Processos Isolamento de plaqueta e ressecção de tecido
[00137]Plaquetas foram isoladas de sangue integral coletado em Vacutai- ners BD de tampa púrpura contendo anticoagulante EDTA através de centrifugação padrão, e qualidade (ativação e agregação) assim como pureza foram avaliadas através de análise microscópica mostrando menos que 0,1% de contaminação com células vermelhas ou brancas do sangue.
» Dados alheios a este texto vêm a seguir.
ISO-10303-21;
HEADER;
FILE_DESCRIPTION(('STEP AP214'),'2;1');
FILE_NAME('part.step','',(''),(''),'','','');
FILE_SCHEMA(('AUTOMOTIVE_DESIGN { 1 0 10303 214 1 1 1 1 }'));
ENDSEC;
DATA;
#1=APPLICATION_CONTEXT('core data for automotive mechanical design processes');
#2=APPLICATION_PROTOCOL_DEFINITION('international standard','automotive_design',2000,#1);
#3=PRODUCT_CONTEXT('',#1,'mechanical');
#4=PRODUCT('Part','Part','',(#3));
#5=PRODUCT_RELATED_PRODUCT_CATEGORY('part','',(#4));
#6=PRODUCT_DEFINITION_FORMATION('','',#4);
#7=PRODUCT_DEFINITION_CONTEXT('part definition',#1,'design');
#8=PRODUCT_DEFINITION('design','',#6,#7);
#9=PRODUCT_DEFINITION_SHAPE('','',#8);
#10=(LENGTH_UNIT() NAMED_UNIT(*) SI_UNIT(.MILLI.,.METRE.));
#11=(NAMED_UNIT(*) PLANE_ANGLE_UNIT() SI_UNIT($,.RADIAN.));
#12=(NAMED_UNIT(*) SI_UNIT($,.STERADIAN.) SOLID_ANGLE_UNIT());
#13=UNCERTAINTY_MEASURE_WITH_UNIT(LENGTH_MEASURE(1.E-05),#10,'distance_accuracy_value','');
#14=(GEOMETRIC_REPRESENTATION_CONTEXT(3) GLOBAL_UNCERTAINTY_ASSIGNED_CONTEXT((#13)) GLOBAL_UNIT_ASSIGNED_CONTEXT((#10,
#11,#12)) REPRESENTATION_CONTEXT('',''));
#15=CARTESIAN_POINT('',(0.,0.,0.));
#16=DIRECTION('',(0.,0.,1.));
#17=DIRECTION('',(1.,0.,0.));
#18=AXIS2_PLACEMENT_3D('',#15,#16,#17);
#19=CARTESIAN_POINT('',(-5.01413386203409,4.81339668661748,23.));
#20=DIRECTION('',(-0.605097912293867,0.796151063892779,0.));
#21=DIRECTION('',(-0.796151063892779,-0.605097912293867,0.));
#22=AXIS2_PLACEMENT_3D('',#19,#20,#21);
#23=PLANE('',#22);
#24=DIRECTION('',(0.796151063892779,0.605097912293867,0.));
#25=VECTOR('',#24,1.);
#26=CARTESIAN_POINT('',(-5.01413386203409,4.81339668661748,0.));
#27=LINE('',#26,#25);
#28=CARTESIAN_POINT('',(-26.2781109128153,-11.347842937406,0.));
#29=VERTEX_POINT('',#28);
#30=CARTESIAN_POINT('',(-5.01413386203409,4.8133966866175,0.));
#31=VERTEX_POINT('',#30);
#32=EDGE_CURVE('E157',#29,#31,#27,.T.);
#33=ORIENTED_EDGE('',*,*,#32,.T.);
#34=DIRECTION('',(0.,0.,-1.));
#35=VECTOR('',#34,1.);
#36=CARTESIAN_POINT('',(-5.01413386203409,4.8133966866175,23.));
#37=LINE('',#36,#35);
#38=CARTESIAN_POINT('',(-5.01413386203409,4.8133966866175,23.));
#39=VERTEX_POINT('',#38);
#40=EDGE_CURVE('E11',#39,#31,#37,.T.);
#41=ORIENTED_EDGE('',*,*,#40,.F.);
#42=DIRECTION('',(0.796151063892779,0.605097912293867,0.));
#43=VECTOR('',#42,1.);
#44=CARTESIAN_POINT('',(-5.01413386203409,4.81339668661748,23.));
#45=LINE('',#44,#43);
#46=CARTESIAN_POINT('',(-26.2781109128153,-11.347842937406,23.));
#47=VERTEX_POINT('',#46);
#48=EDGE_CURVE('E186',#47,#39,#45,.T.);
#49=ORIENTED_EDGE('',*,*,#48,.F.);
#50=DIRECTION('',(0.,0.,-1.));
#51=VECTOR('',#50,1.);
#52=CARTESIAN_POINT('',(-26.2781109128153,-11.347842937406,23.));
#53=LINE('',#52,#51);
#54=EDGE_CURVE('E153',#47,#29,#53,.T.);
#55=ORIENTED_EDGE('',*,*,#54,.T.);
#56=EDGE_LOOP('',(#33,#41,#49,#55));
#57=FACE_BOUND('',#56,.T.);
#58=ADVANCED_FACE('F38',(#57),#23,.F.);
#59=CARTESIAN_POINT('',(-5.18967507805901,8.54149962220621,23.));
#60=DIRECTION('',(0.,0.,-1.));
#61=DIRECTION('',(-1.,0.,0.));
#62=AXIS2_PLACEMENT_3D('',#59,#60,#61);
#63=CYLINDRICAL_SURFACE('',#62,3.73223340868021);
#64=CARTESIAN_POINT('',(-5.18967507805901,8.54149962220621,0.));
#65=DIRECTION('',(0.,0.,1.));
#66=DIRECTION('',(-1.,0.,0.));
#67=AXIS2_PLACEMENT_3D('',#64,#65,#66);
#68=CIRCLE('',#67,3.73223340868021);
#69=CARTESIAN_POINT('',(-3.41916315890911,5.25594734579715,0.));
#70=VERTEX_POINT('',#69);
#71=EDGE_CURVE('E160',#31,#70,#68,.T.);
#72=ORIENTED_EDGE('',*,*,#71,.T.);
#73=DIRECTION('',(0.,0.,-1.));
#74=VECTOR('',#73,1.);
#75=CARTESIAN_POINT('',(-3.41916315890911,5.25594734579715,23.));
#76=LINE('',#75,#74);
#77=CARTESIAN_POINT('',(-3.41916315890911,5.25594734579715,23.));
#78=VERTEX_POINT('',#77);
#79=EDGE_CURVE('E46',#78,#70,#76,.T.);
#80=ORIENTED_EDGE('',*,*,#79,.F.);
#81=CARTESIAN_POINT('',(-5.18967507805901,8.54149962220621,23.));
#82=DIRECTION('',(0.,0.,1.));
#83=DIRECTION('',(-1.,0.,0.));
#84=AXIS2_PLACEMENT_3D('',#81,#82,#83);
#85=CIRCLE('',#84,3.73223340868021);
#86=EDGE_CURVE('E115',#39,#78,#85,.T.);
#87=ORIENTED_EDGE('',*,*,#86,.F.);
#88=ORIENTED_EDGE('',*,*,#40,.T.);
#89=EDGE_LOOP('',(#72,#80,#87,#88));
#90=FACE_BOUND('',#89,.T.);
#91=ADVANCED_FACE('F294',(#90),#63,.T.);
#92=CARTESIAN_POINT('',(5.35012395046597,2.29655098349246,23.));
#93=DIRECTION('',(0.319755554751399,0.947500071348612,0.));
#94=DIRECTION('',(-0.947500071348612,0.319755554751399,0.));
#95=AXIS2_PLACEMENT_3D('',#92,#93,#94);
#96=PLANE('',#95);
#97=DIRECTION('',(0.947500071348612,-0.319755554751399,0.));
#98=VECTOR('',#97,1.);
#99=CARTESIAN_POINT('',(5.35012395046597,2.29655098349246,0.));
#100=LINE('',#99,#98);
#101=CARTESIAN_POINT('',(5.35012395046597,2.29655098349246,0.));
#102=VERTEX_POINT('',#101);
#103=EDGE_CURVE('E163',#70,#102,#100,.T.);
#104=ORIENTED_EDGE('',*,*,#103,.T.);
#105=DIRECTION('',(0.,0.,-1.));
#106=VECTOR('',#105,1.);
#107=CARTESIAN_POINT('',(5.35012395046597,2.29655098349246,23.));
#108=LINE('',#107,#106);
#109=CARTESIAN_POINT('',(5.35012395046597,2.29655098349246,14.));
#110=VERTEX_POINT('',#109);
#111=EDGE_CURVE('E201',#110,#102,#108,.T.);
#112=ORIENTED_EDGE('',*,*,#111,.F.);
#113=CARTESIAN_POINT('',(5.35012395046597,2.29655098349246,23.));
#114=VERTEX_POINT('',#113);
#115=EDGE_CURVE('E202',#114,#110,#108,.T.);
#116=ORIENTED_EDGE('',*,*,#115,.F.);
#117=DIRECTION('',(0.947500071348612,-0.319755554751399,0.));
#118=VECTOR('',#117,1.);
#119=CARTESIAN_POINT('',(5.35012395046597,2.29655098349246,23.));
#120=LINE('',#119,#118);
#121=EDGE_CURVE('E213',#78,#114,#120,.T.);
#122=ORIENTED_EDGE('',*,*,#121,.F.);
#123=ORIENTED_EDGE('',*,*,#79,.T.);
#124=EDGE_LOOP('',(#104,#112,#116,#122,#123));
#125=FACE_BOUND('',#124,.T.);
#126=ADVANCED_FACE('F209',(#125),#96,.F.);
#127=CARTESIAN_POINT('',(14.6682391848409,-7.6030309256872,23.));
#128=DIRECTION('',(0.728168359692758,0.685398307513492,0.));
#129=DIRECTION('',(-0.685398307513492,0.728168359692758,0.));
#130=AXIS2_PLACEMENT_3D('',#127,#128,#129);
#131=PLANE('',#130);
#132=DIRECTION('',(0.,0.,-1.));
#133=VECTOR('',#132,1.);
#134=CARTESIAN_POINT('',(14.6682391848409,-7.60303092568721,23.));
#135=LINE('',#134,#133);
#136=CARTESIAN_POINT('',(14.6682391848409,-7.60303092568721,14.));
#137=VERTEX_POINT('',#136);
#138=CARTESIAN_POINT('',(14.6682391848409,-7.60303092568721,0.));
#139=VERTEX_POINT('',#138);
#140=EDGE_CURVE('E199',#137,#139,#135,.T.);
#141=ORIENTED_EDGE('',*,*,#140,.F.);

A seguir, pelotas de plaquetas isoladas foram congeladas - instantâneas para ainda uso. Ressecção de tecido de glioma e colheita de sangue integral de pacientes de câncer de próstata e glioma foram reali-zadas no centromédico de Universidade VU e Universidade Umea, como descritoem outra parte (J. Skog et al., Nat Cell Biol. 10(12), 1470-6 (2008)).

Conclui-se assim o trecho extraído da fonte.